▸ **REQUIRED WORK**
Among the lines below, copy each one in which "Multiplication" appears.

[Excerpts from a dataset]
- - - - -

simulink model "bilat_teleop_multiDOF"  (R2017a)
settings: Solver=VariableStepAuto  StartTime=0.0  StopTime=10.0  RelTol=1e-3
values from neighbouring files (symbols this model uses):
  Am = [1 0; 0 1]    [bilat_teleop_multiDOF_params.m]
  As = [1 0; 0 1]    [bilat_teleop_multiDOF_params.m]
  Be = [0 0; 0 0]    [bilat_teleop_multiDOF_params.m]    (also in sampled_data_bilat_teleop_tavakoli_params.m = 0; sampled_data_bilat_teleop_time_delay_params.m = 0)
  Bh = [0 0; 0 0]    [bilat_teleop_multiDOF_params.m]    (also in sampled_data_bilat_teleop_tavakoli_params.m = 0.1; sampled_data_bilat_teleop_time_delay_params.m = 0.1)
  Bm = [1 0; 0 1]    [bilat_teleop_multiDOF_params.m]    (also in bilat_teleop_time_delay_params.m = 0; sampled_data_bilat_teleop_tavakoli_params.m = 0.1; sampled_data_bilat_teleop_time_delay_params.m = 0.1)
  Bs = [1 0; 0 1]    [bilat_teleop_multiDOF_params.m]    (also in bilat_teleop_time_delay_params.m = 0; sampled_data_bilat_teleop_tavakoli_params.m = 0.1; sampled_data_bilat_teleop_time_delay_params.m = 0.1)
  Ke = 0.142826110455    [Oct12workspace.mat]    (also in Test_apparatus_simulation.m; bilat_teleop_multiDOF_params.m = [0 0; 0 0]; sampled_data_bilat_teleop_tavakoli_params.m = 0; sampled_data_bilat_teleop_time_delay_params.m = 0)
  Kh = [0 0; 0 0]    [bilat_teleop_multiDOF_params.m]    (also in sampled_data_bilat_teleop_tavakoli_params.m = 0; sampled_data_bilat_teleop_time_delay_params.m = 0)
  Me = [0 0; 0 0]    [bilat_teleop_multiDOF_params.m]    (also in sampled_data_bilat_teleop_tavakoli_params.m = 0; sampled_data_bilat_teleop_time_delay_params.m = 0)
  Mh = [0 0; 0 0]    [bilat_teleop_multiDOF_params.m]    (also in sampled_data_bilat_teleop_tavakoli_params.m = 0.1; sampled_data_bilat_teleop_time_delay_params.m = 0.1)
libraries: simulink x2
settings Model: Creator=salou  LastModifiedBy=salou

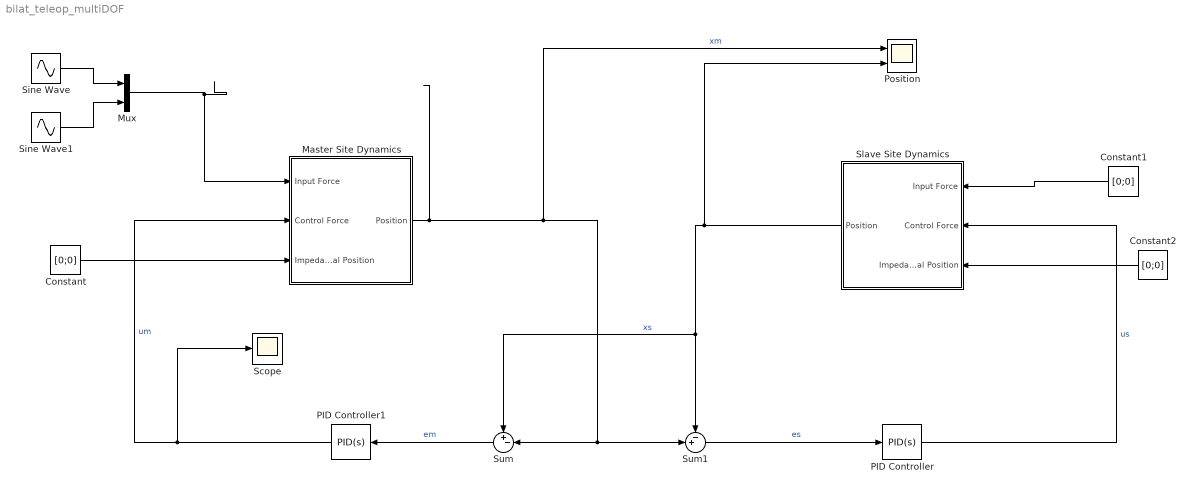
== system bilat_teleop_multiDOF ==
  Constant : Constant  Value=[0;0]
  Constant1 : Constant  Value=[0;0]
  Constant2 : Constant  Value=[0;0]
  Master Site Dynamics : Subsystem
  Mux : Mux  Inputs=2
  PID Controller : simulink/Continuous/PID Controller  Controller=PID  TimeDomain=Continuous-time  SampleTime=-1  IntegratorMethod=Forward Euler  FilterMethod=Forward Euler  Form=Parallel  UseFilter=on  ControllerParametersSource=internal  P=[1 1]  I=[0 0]  D=[0 0]  N=100  InitialConditionSource=internal  InitialConditionForIntegrator=0  InitialConditionForFilter=0  ExternalReset=none  LimitOutput=off  UpperSaturationLimit=inf  LowerSaturationLimit=-inf  LinearizeAsGain=on  AntiWindupMode=none  Kb=1  TrackingMode=off  Kt=1  PParamMin=[]  PParamMax=[]  IParamMin=[]  IParamMax=[]  DParamMin=[]  DParamMax=[]  NParamMin=[]  NParamMax=[]  KbParamMin=[]  KbParamMax=[]  KtParamMin=[]  KtParamMax=[]  POutMin=[]  POutMax=[]  IOutMin=[]  IOutMax=[]  DOutMin=[]  DOutMax=[]  NOutMin=[]  NOutMax=[]  KbOutMin=[]  KbOutMax=[]  KtOutMin=[]  KtOutMax=[]  IntegratorOutMin=[]  IntegratorOutMax=[]  FilterOutMin=[]  FilterOutMax=[]  SumOutMin=[]  SumOutMax=[]  SumI1OutMin=[]  SumI1OutMax=[]  SumI2OutMin=[]  SumI2OutMax=[]  SumI3OutMin=[]  SumI3OutMax=[]  SumDOutMin=[]  SumDOutMax=[]  SaturationOutMin=[]  SaturationOutMax=[]  IntegratorContinuousStateAttributes=''  IntegratorStateMustResolveToSignalObject=off  IntegratorRTWStateStorageClass=Auto  FilterContinuousStateAttributes=''  FilterStateMustResolveToSignalObject=off  FilterRTWStateStorageClass=Auto  DifferentiatorICPrevScaledInput=0  DifferentiatorOutMin=[]  DifferentiatorOutMax=[]  InitialConditionSetting=State (most efficient)
  PID Controller1 : simulink/Continuous/PID Controller  Controller=PID  TimeDomain=Continuous-time  SampleTime=-1  IntegratorMethod=Forward Euler  FilterMethod=Forward Euler  Form=Parallel  UseFilter=on  ControllerParametersSource=internal  P=[1 1]  I=[0 0]  D=[0 0]  N=100  InitialConditionSource=internal  InitialConditionForIntegrator=0  InitialConditionForFilter=0  ExternalReset=none  LimitOutput=off  UpperSaturationLimit=inf  LowerSaturationLimit=-inf  LinearizeAsGain=on  AntiWindupMode=none  Kb=1  TrackingMode=off  Kt=1  PParamMin=[]  PParamMax=[]  IParamMin=[]  IParamMax=[]  DParamMin=[]  DParamMax=[]  NParamMin=[]  NParamMax=[]  KbParamMin=[]  KbParamMax=[]  KtParamMin=[]  KtParamMax=[]  POutMin=[]  POutMax=[]  IOutMin=[]  IOutMax=[]  DOutMin=[]  DOutMax=[]  NOutMin=[]  NOutMax=[]  KbOutMin=[]  KbOutMax=[]  KtOutMin=[]  KtOutMax=[]  IntegratorOutMin=[]  IntegratorOutMax=[]  FilterOutMin=[]  FilterOutMax=[]  SumOutMin=[]  SumOutMax=[]  SumI1OutMin=[]  SumI1OutMax=[]  SumI2OutMin=[]  SumI2OutMax=[]  SumI3OutMin=[]  SumI3OutMax=[]  SumDOutMin=[]  SumDOutMax=[]  SaturationOutMin=[]  SaturationOutMax=[]  IntegratorContinuousStateAttributes=''  IntegratorStateMustResolveToSignalObject=off  IntegratorRTWStateStorageClass=Auto  FilterContinuousStateAttributes=''  FilterStateMustResolveToSignalObject=off  FilterRTWStateStorageClass=Auto  DifferentiatorICPrevScaledInput=0  DifferentiatorOutMin=[]  DifferentiatorOutMax=[]  InitialConditionSetting=State (most efficient)
  Position : Scope  NumInputPorts=2
  Scope : Scope
  Sine Wave : Sin  SampleTime=0
  Sine Wave1 : Sin  Amplitude=2  SampleTime=0
  Slave Site Dynamics : Subsystem
  Sum : Sum  Inputs=+-|
  Sum1 : Sum  Inputs=-+|
  wires:
  Mux/1 -> Master Site Dynamics/1(Input Force)
  PID Controller1/1 -> Scope/1, Master Site Dynamics/2(Control Force)  "um"
  Constant/1 -> Master Site Dynamics/3(Impedance Virtual Position)
  Master Site Dynamics/1(Position) -> Position/1, Sum/2, Sum1/2  "xm"
  Constant1/1 -> Slave Site Dynamics/1(Input Force)
  Slave Site Dynamics/1(Position) -> Position/2, Sum/1, Sum1/1  "xs"
  Constant2/1 -> Slave Site Dynamics/3(Impedance Virtual Position)
  PID Controller/1 -> Slave Site Dynamics/2(Control Force)  "us"
  Sum/1 -> PID Controller1/1  "em"
  Sum1/1 -> PID Controller/1  "es"
  Sine Wave/1 -> Mux/1
  Sine Wave1/1 -> Mux/2

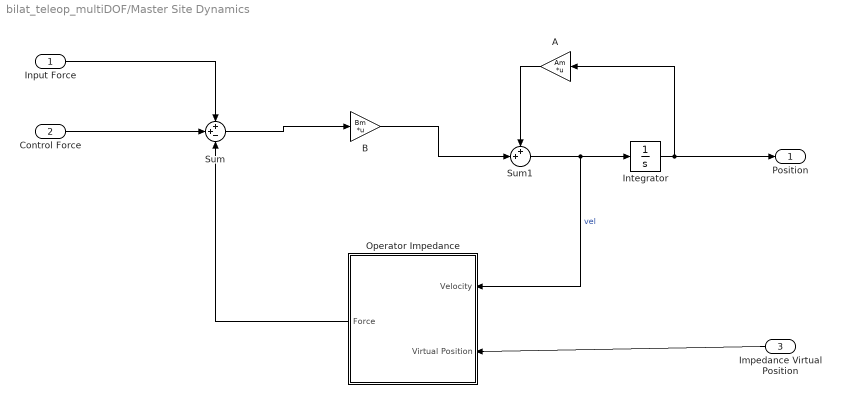
== system bilat_teleop_multiDOF/Master Site Dynamics ==
  Input Force : Inport
  Control Force : Inport  Port=2
  Impedance Virtual Position : Inport  Port=3
  A : Gain  Gain=Am  Multiplication=Matrix(K*u)
  B : Gain  Gain=Bm  Multiplication=Matrix(K*u)
  Integrator : Integrator
  Operator Impedance : Subsystem
  Sum : Sum  Inputs=++-
  Sum1 : Sum  Inputs=++|
  Position : Outport
  wires:
  Input Force/1 -> Sum/1
  Sum1/1 -> Integrator/1, Operator Impedance/1(Velocity)  "vel"
  A/1 -> Sum1/1
  Impedance Virtual Position/1 -> Operator Impedance/2(Virtual Position)
  Operator Impedance/1(Force) -> Sum/3
  B/1 -> Sum1/2
  Sum/1 -> B/1
  Integrator/1 -> Position/1, A/1
  Control Force/1 -> Sum/2

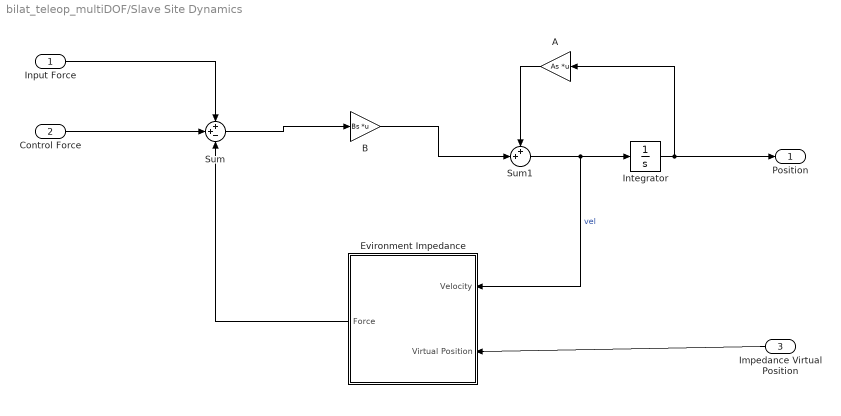
== system bilat_teleop_multiDOF/Slave Site Dynamics ==
  Input Force : Inport
  Control Force : Inport  Port=2
  Impedance Virtual Position : Inport  Port=3
  A : Gain  Gain=As  Multiplication=Matrix(K*u)
  B : Gain  Gain=Bs  Multiplication=Matrix(K*u)
  Evironment Impedance : Subsystem
  Integrator : Integrator
  Sum : Sum  Inputs=++-
  Sum1 : Sum  Inputs=++|
  Position : Outport
  wires:
  Input Force/1 -> Sum/1
  Sum1/1 -> Integrator/1, Evironment Impedance/1(Velocity)  "vel"
  A/1 -> Sum1/1
  Impedance Virtual Position/1 -> Evironment Impedance/2(Virtual Position)
  Evironment Impedance/1(Force) -> Sum/3
  B/1 -> Sum1/2
  Sum/1 -> B/1
  Integrator/1 -> Position/1, A/1
  Control Force/1 -> Sum/2

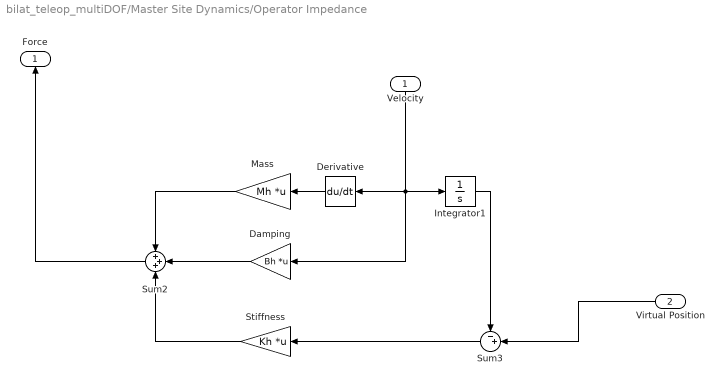
== system bilat_teleop_multiDOF/Master Site Dynamics/Operator Impedance ==
  Velocity : Inport
  Virtual Position : Inport  Port=2
  Damping : Gain  Gain=Bh  Multiplication=Matrix(K*u)
  Derivative : Derivative
  Integrator1 : Integrator
  Mass : Gain  Gain=Mh  Multiplication=Matrix(K*u)
  Stiffness : Gain  Gain=Kh  Multiplication=Matrix(K*u)
  Sum2 : Sum  Inputs=+++
  Sum3 : Sum  Inputs=-+|
  Force : Outport
  wires:
  Integrator1/1 -> Sum3/1
  Derivative/1 -> Mass/1
  Velocity/1 -> Integrator1/1, Damping/1, Derivative/1
  Virtual Position/1 -> Sum3/2
  Sum3/1 -> Stiffness/1
  Damping/1 -> Sum2/2
  Stiffness/1 -> Sum2/3
  Mass/1 -> Sum2/1
  Sum2/1 -> Force/1

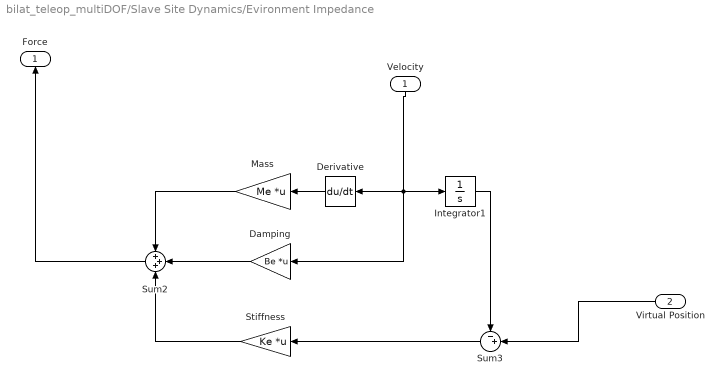
== system bilat_teleop_multiDOF/Slave Site Dynamics/Evironment Impedance ==
  Velocity : Inport
  Virtual Position : Inport  Port=2
  Damping : Gain  Gain=Be  Multiplication=Matrix(K*u)
  Derivative : Derivative
  Integrator1 : Integrator
  Mass : Gain  Gain=Me  Multiplication=Matrix(K*u)
  Stiffness : Gain  Gain=Ke  Multiplication=Matrix(K*u)
  Sum2 : Sum  Inputs=+++
  Sum3 : Sum  Inputs=-+|
  Force : Outport
  wires:
  Integrator1/1 -> Sum3/1
  Derivative/1 -> Mass/1
  Velocity/1 -> Integrator1/1, Damping/1, Derivative/1
  Virtual Position/1 -> Sum3/2
  Sum3/1 -> Stiffness/1
  Damping/1 -> Sum2/2
  Stiffness/1 -> Sum2/3
  Mass/1 -> Sum2/1
  Sum2/1 -> Force/1

- - - - -

▸ **SOLUTION TO THE PROBLEM**
  A : Gain  Gain=Am  Multiplication=Matrix(K*u)
  B : Gain  Gain=Bm  Multiplication=Matrix(K*u)
  A : Gain  Gain=As  Multiplication=Matrix(K*u)
  B : Gain  Gain=Bs  Multiplication=Matrix(K*u)
  Damping : Gain  Gain=Bh  Multiplication=Matrix(K*u)
  Mass : Gain  Gain=Mh  Multiplication=Matrix(K*u)
  Stiffness : Gain  Gain=Kh  Multiplication=Matrix(K*u)
  Damping : Gain  Gain=Be  Multiplication=Matrix(K*u)
  Mass : Gain  Gain=Me  Multiplication=Matrix(K*u)
  Stiffness : Gain  Gain=Ke  Multiplication=Matrix(K*u)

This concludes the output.